Musik überwindet Kälte und schließt Herzen auf

 

Papst Benedikt XVI war glücklich über einen musikalischen Gruss aus seiner deutschen Heimat.
Thomas Beckmann, Kayoko Beckmann sowie Yuko Kasahara auf dem Piano sowie das Vokalensemble Cantico aus Regensburg sorgten im August 2012 für einen aussergewöhnlichen Ohrenschmaus in der päpstlichen Sommerresidenz Castel Gandolfo.

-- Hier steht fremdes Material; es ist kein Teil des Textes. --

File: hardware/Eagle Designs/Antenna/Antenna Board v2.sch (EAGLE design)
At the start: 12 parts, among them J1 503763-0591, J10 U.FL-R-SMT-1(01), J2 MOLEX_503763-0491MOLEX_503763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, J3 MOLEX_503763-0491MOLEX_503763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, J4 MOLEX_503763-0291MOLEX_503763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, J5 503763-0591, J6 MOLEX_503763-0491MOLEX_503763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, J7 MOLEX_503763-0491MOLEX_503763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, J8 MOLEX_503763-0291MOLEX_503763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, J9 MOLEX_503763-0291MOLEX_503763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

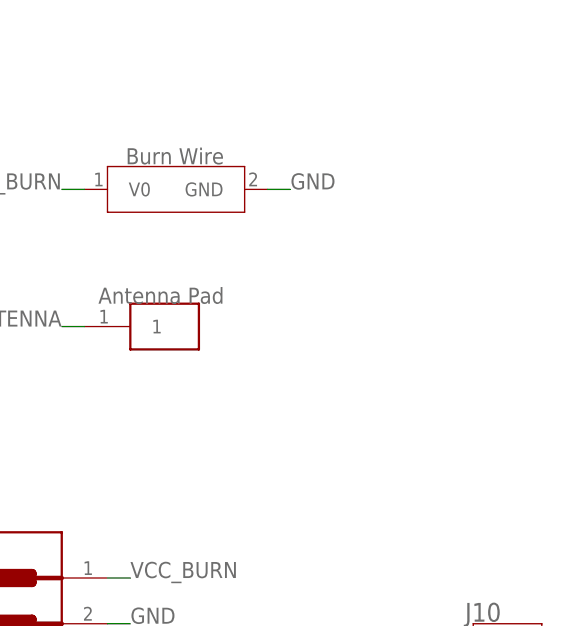
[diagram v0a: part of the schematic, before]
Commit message: Updated antenna and solar panel boards.
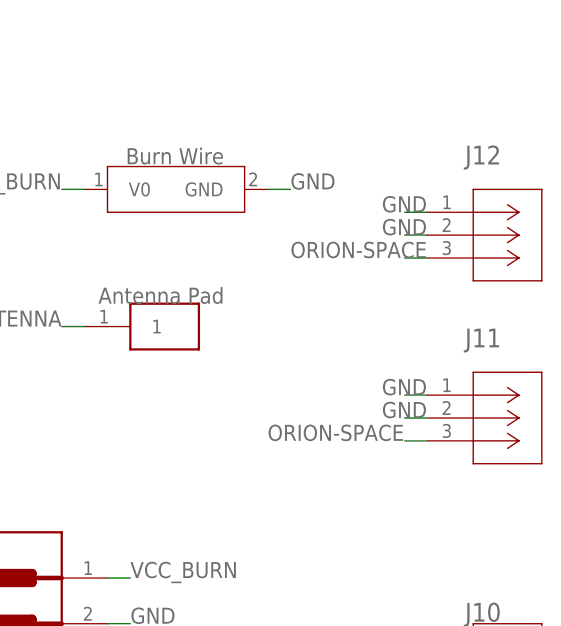
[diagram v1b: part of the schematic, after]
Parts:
- added J11, J12: U.FL-R-SMT-1(01), U.FL-R-SMT:U.FL-R-SMT-1(01)
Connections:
- new net ORION-SPACE: J11.3, J12.3
- net GND: now also J11.1, J11.2, J12.1, J12.2
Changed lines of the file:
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@@
 <part name="U$2" library="Antenna_Pad" deviceset="ANTENNA_PAD" device=""/>
 <part name="U$3" library="Burn_Wire" deviceset="BURNWIRE" device=""/>
+<part name="J11" library="U.FL-R-SMT" deviceset="U.FL-R-SMT-1(01)" device=""/>
+<part name="J12" library="U.FL-R-SMT" deviceset="U.FL-R-SMT-1(01)" device=""/>
 </parts>
 <sheets>
@@
 <instance part="U$2" gate="G$1" x="185.42" y="66.04" smashed="yes"/>
 <instance part="U$3" gate="G$1" x="185.42" y="83.82" smashed="yes"/>
+<instance part="J11" gate="A" x="220.98" y="63.5" smashed="yes">
+<attribute name="NAME" x="225.1456" y="68.8086" size="2.0828" layer="95" ratio="6" rot="SR0"/>
+</instance>
+<instance part="J12" gate="A" x="220.98" y="83.82" smashed="yes">
+<attribute name="NAME" x="225.1456" y="89.1286" size="2.0828" layer="95" ratio="6" rot="SR0"/>
+</instance>
 </instances>
 <busses>
@@
 <pinref part="U$3" gate="G$1" pin="GND"/>
 </segment>
-</net>
+<segment>
+<pinref part="J12" gate="A" pin="1"/>
+<wire x1="220.98" y1="83.82" x2="218.44" y2="83.82" width="0.1524" layer="91"/>
+<label x="215.9" y="83.82" size="1.778" layer="95"/>
+</segment>
+<segment>
+<pinref part="J12" gate="A" pin="2"/>
+<wire x1="220.98" y1="81.28" x2="218.44" y2="81.28" width="0.1524" layer="91"/>
+<label x="215.9" y="81.28" size="1.778" layer="95"/>
+</segment>
+<segment>
+<pinref part="J11" gate="A" pin="1"/>
+<wire x1="220.98" y1="63.5" x2="218.44" y2="63.5" width="0.1524" layer="91"/>
+<label x="215.9" y="63.5" size="1.778" layer="95"/>
+</segment>
+<segment>
+<pinref part="J11" gate="A" pin="2"/>
+<wire x1="220.98" y1="60.96" x2="218.44" y2="60.96" width="0.1524" layer="91"/>
+<label x="215.9" y="60.96" size="1.778" layer="95"/>
+</segment>
+</net>
+<net name="ORION-SPACE" class="0">
+<segment>
+<pinref part="J12" gate="A" pin="3"/>
+<wire x1="220.98" y1="78.74" x2="218.44" y2="78.74" width="0.1524" layer="91"/>
+<label x="205.74" y="78.74" size="1.778" layer="95"/>
+</segment>
+<segment>
+<pinref part="J11" gate="A" pin="3"/>
+<wire x1="220.98" y1="58.42" x2="218.44" y2="58.42" width="0.1524" layer="91"/>
+<label x="203.2" y="58.42" size="1.778" layer="95"/>
+</segment>
+</net>

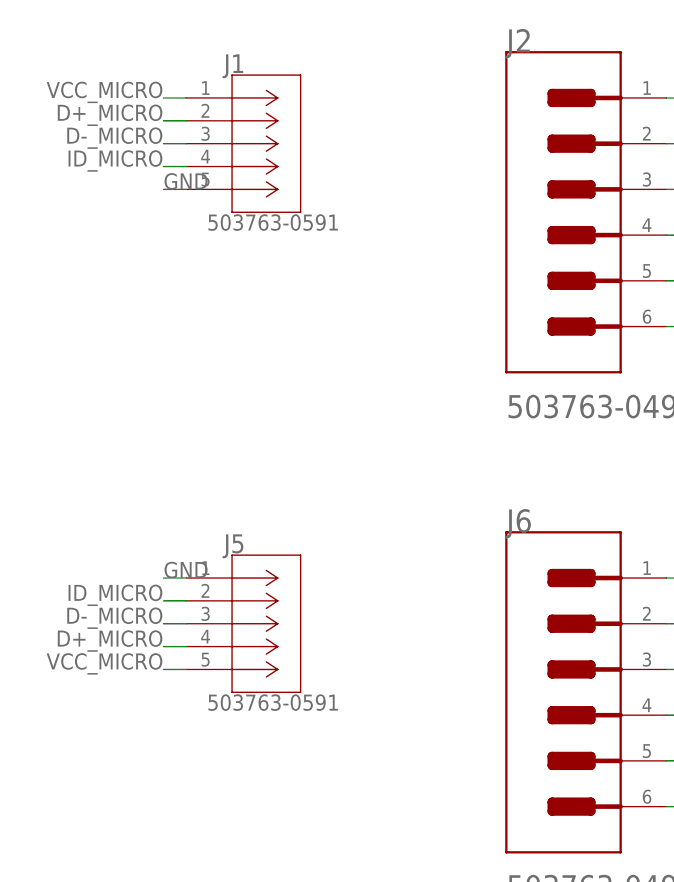
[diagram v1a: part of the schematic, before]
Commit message: Updated antenna and solar panel boards
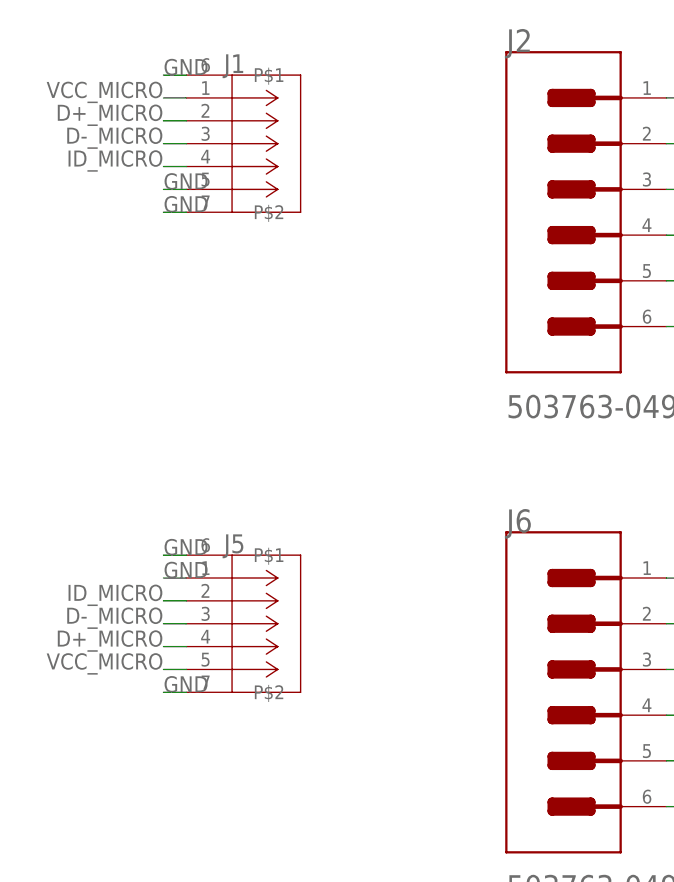
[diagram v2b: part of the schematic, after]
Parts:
- J1, J5: device Molex - 503763-0591:503763-0591 -> Improved Molex 503763-0591:503763-0591
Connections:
- net GND: now also J1.P$1, J1.P$2, J5.P$1, J5.P$2
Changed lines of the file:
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@@
 <part name="J2" library="Molex - 503763-0491" deviceset="MOLEX_503763-0491" device="MOLEX_503763-0491_0_0"/>
 <part name="J3" library="Molex - 503763-0491" deviceset="MOLEX_503763-0491" device="MOLEX_503763-0491_0_0"/>
-<part name="J1" library="Molex - 503763-0591" deviceset="503763-0591" device=""/>
+<part name="J1" library="Improved Molex 503763-0591" deviceset="503763-0591" device=""/>
 <part name="J10" library="U.FL-R-SMT-1(01)" deviceset="U.FL-R-SMT-1(01)" device=""/>
 <part name="J8" library="Molex - 503763-0291" deviceset="MOLEX_503763-0291" device="MOLEX_503763-0291_0_0"/>
 <part name="J6" library="Molex - 503763-0491" deviceset="MOLEX_503763-0491" device="MOLEX_503763-0491_0_0"/>
 <part name="J7" library="Molex - 503763-0491" deviceset="MOLEX_503763-0491" device="MOLEX_503763-0491_0_0"/>
-<part name="J5" library="Molex - 503763-0591" deviceset="503763-0591" device=""/>
+<part name="J5" library="Improved Molex 503763-0591" deviceset="503763-0591" device=""/>
 <part name="U$2" library="Antenna_Pad" deviceset="ANTENNA_PAD" device=""/>
 <part name="U$3" library="Burn_Wire" deviceset="BURNWIRE" device=""/>
@@
 <label x="215.9" y="60.96" size="1.778" layer="95"/>
 </segment>
-</net>
+<segment>
+<pinref part="J1" gate="A" pin="P$2"/>
+<wire x1="15.24" y1="83.82" x2="12.7" y2="83.82" width="0.1524" layer="91"/>
+<label x="12.7" y="83.82" size="1.778" layer="95"/>
+</segment>
+<segment>
+<pinref part="J1" gate="A" pin="P$1"/>
+<wire x1="15.24" y1="99.06" x2="12.7" y2="99.06" width="0.1524" layer="91"/>
+<label x="12.7" y="99.06" size="1.778" layer="95"/>
+</segment>
+<segment>
+<pinref part="J5" gate="A" pin="P$2"/>
+<wire x1="15.24" y1="30.48" x2="12.7" y2="30.48" width="0.1524" layer="91"/>
+<label x="12.7" y="30.48" size="1.778" layer="95"/>
+</segment>
+<segment>
+<pinref part="J5" gate="A" pin="P$1"/>
+<wire x1="15.24" y1="45.72" x2="12.7" y2="45.72" width="0.1524" layer="91"/>
+<label x="12.7" y="45.72" size="1.778" layer="95"/>
+</segment>
+</net>

Das Papstkonzert am 11.8. 2012 führte Beckmann nach vielen Jahren auch wieder mit seiner Frau Kayoko zusammen. Für dieses Konzert kam sie nach Jahren schwerer Krankheit und unzähligen Behandlungen durch den renommierten japanischen Neurochirurgen Kiyoshi Takagi nach Europa zurück. Die Pianistin kämpfte neun Jahre nach ihrem schweren Unfall dafür, ihr Niveau als Spitzenpianistin zurück zu gewinnen . Das Konzert für den Papst war ohne Zweifel ein äußerst gelungenes Comeback. Wie in früheren Zeiten stand sie ihrem Mann auf dem Konzertflügel bei Beethovens A-Dur-Sonate, bei Gabriel Faure’s Elegie und bei „Nina“ von Giovanni Battista Pergolesi zur Seite. Yuko Kasahara , die mit Thomas Beckmann während Kayokos Erkrankung in vielen Konzerten spielte, begleitete in Castel Gandolfo die „Habanera“ von Maurice Ravel und beeindruckte durch ihr sensibles Spiel.
„Wir schenken Musik und werden dadurch selber beschenkt“, so brachte es Thomas Beckmann auf einen Nenner.
In seiner Ansprache bedankte sich der Papst persönlich bei den Musikern und erinnerte daran, dass gerade Künstler und Küstlerinnen besondere Antennen für die Schönheit der Schöpfung haben und eine Verpflichtung in ihren Genen haben sich für die Gleicheit aller Menschheit einzusetzen. Besonders dankte er Thomas Beckmann für seine virtuoses Cellospiel und sein unermüdliches Engagement für die Ausgegrenzten und Benachteiligten der Gesellschaft.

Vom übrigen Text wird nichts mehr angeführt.